PHV is the fastest rate of growth during the adolescent growth spurt. The onset of growth spurt for girls typically occurs around the age of 10 and peaks around the age of 12 whereas boys typically undergo the onset of their growth spurt at the age of 12, with this peaking at the age of 14. However PHV in boys is often more intense than in girls. The growth spurt for both boys and girls may occur two or more years earlier or later than average. Early maturing boys may have as much as a four year physiological advantage over their late-maturing peers. Eventually, the late maturers will catch up when they experience their growth spurt. Always remember each child is individual and will move through these phases at their own rate of development.

 

 

Using Growth Information

As parents, keeping a regular record of your child’s growth measurements to determine PHV is a simple way to track growth. Another tool to help parents predict when their child may hit their PHV can be undertaken by using the recorded height, weight and sitting height of their child and entering this information into this online calculator – HERE.

 

Monitoring your child’s growth can help you determine where vulnerable periods of growth are taking place and enable you to communicate with your child and their coaches to decide how to adjust their; sporting load, sports training sessions, competition, and recovery programs according to the velocity of growth.

 

 

Guide for long term sports and football participation

Keeping in mind the above information in regards to your child’s PHV and certain aspects of “adolescent awkwardness” they may experience during this time considerations around the amount of football played throughout different ages need to be considered.
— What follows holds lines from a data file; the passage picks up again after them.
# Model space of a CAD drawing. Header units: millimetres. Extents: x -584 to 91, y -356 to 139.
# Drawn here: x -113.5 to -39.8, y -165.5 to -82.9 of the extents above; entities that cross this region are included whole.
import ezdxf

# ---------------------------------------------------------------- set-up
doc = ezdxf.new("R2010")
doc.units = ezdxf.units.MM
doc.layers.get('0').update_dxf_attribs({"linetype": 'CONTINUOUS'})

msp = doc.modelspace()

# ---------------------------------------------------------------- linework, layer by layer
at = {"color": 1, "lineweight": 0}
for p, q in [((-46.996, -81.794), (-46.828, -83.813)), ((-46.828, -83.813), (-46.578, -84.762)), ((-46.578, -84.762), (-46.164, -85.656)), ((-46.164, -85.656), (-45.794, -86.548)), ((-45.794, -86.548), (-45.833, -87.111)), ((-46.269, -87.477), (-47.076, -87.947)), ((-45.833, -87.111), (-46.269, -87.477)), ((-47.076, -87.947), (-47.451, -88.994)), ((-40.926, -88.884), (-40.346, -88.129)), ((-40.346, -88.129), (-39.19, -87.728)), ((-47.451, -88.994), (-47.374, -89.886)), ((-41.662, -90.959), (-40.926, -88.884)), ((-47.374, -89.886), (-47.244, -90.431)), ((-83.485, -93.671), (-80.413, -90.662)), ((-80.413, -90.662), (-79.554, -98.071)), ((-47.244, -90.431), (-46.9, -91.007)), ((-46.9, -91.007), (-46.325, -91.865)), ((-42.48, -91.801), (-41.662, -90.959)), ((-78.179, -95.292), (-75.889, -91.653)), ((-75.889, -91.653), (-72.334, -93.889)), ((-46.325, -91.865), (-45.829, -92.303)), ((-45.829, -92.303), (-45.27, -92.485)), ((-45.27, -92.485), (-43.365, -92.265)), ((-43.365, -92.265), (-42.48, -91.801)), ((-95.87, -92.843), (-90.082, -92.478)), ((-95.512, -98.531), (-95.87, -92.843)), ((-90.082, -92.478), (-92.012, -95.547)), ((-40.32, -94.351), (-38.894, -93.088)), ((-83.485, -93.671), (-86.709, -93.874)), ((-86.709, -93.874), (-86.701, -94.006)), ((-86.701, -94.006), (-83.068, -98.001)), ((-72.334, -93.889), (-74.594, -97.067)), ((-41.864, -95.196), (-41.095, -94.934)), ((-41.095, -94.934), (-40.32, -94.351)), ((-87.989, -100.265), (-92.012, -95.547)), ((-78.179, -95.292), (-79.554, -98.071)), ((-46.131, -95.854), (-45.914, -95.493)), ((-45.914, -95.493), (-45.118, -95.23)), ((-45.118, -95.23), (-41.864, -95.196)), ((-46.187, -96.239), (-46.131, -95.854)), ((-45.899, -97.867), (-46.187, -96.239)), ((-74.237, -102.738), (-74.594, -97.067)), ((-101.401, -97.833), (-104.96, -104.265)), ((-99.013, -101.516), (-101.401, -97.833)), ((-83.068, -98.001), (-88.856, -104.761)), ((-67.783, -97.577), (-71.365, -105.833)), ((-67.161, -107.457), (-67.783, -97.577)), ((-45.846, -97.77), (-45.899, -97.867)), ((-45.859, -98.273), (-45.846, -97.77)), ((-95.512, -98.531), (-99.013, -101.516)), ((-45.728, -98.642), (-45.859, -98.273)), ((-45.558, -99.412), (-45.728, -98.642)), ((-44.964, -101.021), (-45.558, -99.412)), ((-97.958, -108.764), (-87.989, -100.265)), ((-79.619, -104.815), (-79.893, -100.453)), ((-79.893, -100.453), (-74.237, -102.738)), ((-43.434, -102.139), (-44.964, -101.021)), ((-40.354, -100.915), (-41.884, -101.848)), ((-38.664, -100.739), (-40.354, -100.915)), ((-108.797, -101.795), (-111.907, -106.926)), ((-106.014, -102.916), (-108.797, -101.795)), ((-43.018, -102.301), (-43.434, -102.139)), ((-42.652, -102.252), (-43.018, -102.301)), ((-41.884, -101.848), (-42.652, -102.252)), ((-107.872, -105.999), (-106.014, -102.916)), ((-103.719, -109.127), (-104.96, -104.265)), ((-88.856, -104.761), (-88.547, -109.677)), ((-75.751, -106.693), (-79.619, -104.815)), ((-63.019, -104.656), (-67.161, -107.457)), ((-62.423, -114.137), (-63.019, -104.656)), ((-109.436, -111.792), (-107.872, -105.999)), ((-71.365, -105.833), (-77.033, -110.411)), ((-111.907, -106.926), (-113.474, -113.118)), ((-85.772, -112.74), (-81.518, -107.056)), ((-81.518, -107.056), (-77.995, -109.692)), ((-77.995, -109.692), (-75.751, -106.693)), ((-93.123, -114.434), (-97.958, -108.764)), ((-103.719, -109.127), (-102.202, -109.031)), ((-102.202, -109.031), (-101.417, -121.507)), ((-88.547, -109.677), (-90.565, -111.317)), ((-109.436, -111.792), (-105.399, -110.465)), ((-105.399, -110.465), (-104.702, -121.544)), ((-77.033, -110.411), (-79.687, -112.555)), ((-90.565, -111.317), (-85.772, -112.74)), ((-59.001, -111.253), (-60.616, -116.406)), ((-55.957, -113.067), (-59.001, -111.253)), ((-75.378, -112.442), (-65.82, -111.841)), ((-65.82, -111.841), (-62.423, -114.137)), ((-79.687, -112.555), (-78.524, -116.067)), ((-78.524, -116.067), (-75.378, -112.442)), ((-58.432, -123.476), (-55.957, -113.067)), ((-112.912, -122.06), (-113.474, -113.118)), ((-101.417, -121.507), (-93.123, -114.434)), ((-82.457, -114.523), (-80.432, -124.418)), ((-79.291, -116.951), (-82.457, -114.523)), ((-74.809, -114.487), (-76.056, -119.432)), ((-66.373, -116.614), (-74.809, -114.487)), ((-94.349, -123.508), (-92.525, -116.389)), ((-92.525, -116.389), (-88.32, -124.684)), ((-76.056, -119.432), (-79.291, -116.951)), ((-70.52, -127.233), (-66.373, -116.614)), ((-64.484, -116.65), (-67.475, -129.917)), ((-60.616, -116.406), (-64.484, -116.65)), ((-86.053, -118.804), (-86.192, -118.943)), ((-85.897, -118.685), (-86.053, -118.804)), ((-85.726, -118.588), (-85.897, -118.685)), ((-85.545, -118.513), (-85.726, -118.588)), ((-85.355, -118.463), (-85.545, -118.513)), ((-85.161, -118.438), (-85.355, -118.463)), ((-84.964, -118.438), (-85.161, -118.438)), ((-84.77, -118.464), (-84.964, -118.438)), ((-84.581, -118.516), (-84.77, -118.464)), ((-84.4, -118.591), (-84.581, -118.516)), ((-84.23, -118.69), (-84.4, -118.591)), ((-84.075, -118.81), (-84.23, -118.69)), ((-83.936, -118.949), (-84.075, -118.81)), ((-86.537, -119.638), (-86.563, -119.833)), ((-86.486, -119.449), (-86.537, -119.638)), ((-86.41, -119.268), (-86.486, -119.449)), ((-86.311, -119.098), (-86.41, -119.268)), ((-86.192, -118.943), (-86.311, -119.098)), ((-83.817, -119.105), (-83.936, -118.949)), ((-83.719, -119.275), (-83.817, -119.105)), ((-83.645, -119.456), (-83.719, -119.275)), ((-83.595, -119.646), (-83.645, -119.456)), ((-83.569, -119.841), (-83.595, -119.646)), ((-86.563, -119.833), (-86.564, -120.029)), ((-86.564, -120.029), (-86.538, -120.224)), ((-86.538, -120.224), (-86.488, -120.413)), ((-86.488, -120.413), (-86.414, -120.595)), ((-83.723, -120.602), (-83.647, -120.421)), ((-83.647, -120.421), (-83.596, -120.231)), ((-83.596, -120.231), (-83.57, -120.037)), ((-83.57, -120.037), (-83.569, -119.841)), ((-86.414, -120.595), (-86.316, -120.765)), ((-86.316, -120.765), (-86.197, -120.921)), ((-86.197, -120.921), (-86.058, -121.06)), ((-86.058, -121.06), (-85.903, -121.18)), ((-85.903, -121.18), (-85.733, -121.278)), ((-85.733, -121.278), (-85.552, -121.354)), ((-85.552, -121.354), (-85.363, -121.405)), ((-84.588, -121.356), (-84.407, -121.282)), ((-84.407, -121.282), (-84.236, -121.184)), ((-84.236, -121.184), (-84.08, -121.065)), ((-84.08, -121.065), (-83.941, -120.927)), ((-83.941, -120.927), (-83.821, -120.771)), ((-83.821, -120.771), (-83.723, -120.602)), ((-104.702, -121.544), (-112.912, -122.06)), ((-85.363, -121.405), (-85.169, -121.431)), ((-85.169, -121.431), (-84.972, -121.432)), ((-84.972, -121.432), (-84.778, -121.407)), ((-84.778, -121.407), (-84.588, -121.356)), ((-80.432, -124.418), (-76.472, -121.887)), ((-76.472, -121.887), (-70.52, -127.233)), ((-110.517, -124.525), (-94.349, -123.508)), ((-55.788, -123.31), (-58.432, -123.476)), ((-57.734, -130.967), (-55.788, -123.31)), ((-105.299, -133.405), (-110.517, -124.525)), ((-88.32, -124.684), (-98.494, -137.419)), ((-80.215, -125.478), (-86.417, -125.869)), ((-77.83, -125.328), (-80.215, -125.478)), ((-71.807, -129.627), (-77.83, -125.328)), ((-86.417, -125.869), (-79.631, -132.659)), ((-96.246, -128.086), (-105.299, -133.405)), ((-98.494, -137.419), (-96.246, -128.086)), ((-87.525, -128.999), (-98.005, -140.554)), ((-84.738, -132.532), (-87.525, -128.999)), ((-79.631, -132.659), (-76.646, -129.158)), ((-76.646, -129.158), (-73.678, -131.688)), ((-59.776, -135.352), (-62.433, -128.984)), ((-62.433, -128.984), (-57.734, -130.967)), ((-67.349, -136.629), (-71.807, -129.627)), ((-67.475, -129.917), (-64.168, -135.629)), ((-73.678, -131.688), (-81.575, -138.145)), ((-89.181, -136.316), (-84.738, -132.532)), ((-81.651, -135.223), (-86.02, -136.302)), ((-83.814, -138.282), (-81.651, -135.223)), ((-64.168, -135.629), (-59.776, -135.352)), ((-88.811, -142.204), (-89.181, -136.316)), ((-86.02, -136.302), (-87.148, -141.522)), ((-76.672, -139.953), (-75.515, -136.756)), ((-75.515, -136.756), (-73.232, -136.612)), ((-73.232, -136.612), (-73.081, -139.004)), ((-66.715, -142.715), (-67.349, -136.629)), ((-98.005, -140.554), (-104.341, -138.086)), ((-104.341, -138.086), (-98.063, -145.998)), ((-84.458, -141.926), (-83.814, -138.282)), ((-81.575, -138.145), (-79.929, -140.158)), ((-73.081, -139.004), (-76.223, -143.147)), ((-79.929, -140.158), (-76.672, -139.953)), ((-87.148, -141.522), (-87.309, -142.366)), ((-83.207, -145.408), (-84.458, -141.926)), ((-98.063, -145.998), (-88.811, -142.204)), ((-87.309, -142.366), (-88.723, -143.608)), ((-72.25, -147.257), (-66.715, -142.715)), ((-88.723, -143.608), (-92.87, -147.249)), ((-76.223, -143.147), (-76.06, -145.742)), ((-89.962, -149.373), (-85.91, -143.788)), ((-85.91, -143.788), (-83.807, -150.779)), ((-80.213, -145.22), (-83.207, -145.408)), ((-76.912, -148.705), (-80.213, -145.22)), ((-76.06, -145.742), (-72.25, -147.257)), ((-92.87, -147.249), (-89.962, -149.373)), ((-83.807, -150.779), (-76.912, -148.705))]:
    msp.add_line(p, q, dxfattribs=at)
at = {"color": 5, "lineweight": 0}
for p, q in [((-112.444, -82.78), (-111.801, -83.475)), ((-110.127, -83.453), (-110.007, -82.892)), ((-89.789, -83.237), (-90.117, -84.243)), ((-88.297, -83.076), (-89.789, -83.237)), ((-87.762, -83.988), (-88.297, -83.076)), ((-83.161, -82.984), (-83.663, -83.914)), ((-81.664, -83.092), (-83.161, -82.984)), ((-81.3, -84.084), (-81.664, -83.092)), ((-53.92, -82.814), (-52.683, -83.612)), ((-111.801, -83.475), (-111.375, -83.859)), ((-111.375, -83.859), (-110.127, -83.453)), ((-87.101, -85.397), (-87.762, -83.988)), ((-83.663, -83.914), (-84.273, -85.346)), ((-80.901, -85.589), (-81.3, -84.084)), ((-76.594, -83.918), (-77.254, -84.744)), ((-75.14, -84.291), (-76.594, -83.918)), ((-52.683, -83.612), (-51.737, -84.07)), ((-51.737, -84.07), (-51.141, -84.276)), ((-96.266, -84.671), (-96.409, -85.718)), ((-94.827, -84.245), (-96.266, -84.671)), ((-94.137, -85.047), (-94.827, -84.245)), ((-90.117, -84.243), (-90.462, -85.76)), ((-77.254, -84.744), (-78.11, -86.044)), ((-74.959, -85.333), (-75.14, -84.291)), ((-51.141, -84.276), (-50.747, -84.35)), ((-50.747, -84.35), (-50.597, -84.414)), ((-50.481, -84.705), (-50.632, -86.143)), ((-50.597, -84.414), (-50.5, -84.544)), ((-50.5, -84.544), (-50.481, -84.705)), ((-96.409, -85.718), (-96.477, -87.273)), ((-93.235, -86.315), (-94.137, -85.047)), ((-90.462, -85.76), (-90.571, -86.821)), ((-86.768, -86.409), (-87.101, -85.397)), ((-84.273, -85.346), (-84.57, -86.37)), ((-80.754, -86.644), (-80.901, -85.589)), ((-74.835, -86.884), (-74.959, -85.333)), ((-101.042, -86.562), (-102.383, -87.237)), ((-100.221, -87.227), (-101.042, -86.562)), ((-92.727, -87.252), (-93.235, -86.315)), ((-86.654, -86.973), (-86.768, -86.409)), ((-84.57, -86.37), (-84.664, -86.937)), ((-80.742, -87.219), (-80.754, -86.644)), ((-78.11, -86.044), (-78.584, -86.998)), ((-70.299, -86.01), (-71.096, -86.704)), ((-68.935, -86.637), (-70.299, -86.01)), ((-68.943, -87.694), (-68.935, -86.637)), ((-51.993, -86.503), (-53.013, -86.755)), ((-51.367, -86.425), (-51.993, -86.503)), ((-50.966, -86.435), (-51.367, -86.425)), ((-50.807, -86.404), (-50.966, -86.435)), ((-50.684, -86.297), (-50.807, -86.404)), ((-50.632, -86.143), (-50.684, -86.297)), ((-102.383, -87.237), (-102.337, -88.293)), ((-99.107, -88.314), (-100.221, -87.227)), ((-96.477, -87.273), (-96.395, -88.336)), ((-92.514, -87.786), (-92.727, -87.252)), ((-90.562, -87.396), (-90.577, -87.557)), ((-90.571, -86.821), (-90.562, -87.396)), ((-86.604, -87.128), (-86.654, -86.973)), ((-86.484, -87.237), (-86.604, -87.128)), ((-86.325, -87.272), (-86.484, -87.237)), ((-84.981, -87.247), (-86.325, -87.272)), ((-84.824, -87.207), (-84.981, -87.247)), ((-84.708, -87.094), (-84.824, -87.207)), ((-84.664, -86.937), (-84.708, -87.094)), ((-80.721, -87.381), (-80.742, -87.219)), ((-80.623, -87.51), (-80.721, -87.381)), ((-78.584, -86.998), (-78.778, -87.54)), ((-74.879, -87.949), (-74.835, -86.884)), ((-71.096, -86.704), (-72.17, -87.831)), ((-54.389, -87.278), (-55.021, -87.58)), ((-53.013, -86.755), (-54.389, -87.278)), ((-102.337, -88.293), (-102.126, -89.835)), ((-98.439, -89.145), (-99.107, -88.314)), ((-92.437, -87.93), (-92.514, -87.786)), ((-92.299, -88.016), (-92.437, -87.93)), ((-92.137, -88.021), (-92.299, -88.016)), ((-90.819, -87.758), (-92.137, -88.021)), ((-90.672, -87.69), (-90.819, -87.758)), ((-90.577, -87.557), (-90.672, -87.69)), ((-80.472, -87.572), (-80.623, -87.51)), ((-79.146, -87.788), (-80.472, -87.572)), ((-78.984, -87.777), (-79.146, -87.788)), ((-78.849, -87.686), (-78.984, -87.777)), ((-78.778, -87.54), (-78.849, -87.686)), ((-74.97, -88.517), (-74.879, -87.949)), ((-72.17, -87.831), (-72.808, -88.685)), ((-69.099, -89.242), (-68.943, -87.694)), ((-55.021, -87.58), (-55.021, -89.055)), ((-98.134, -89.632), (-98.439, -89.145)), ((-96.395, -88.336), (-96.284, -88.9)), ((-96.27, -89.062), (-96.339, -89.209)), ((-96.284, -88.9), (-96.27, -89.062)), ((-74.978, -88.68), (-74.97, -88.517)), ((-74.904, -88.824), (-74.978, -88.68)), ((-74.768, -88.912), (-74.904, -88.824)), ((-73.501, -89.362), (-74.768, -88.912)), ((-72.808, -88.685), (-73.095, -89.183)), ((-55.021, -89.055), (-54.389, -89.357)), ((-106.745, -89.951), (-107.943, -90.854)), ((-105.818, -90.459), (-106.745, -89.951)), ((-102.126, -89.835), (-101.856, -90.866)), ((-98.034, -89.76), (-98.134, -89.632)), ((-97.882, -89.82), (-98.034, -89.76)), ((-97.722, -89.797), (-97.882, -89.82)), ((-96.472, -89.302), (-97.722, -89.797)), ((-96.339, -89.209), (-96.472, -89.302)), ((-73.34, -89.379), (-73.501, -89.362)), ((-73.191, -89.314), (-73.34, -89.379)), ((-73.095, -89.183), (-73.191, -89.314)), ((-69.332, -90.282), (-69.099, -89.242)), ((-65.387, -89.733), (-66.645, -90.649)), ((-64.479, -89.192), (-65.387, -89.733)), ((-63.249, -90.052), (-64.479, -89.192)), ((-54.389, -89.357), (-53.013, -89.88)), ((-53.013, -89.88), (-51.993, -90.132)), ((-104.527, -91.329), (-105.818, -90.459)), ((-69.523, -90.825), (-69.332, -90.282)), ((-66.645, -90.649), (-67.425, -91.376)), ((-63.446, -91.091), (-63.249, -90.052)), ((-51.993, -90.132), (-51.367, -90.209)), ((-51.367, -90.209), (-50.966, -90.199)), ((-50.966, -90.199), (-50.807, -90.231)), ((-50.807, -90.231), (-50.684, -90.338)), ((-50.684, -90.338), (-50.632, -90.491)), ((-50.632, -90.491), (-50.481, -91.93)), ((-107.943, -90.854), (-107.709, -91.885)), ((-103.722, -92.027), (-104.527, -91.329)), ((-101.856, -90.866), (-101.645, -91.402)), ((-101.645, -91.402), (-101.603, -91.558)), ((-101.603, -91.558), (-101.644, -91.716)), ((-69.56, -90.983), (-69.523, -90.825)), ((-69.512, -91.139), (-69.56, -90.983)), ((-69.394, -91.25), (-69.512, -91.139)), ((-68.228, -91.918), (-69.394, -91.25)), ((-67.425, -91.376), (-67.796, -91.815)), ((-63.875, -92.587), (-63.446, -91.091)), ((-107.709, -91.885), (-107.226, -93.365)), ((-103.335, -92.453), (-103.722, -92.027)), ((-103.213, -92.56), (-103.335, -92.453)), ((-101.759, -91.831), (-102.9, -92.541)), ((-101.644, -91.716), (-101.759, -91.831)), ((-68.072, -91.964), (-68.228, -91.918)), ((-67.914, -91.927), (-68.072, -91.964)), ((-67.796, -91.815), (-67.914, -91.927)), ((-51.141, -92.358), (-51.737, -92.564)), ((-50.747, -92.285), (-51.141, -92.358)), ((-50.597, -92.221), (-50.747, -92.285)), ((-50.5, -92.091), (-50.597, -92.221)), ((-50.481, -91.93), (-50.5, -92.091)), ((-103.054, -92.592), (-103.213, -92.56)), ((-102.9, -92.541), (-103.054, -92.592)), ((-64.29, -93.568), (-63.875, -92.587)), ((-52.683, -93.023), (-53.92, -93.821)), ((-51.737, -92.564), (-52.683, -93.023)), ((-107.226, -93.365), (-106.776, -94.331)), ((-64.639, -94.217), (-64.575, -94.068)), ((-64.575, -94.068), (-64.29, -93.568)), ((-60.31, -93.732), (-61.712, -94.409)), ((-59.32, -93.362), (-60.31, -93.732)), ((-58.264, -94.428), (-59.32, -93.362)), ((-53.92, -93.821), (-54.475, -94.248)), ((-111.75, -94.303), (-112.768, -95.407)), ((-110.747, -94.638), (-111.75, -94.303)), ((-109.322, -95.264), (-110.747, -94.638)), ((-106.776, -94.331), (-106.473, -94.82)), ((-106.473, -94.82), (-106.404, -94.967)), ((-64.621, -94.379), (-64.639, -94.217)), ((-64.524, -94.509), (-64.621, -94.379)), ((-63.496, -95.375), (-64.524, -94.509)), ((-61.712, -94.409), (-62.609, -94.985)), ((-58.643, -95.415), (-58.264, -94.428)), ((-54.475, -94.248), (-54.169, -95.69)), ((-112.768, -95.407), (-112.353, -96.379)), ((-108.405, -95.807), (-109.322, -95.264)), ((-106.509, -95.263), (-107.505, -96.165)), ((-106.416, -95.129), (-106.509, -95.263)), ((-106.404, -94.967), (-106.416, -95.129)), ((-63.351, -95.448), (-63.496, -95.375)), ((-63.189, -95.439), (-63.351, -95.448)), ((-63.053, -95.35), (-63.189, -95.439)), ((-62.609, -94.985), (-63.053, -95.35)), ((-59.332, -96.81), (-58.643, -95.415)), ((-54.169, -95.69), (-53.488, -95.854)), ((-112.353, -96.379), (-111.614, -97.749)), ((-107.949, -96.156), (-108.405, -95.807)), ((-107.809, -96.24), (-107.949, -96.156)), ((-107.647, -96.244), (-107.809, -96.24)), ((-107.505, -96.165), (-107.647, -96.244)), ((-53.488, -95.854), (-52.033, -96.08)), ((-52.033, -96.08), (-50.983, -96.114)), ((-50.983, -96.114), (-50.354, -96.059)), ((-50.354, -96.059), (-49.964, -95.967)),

Refer to our player development guidelines table as a reference tool for you and your child in determining their overall load and total sports hours. This includes reference to the NZF framework and considers the continuation of other sports. Click on the growth curve icon to see the growth curve overlay on this table as a reference, keeping in mind this is for the “average” growth rate which may be 2 or more years further back or forward depending on whether your child is an early or late maturer.

 

 

Other considerations

Whilst the above information focuses on the “age” of your child and how to identify and utilise their PHV and the recommended hours of their training each week consideration around how to best manage your child’s multi-faceted sports participation, with additional diligence needed around;

 

Click on the above links to be directed to information on these topics.

 

Additionally, if you are after further information in relation to the long term development of players focusing on their physical aspect specifically click here.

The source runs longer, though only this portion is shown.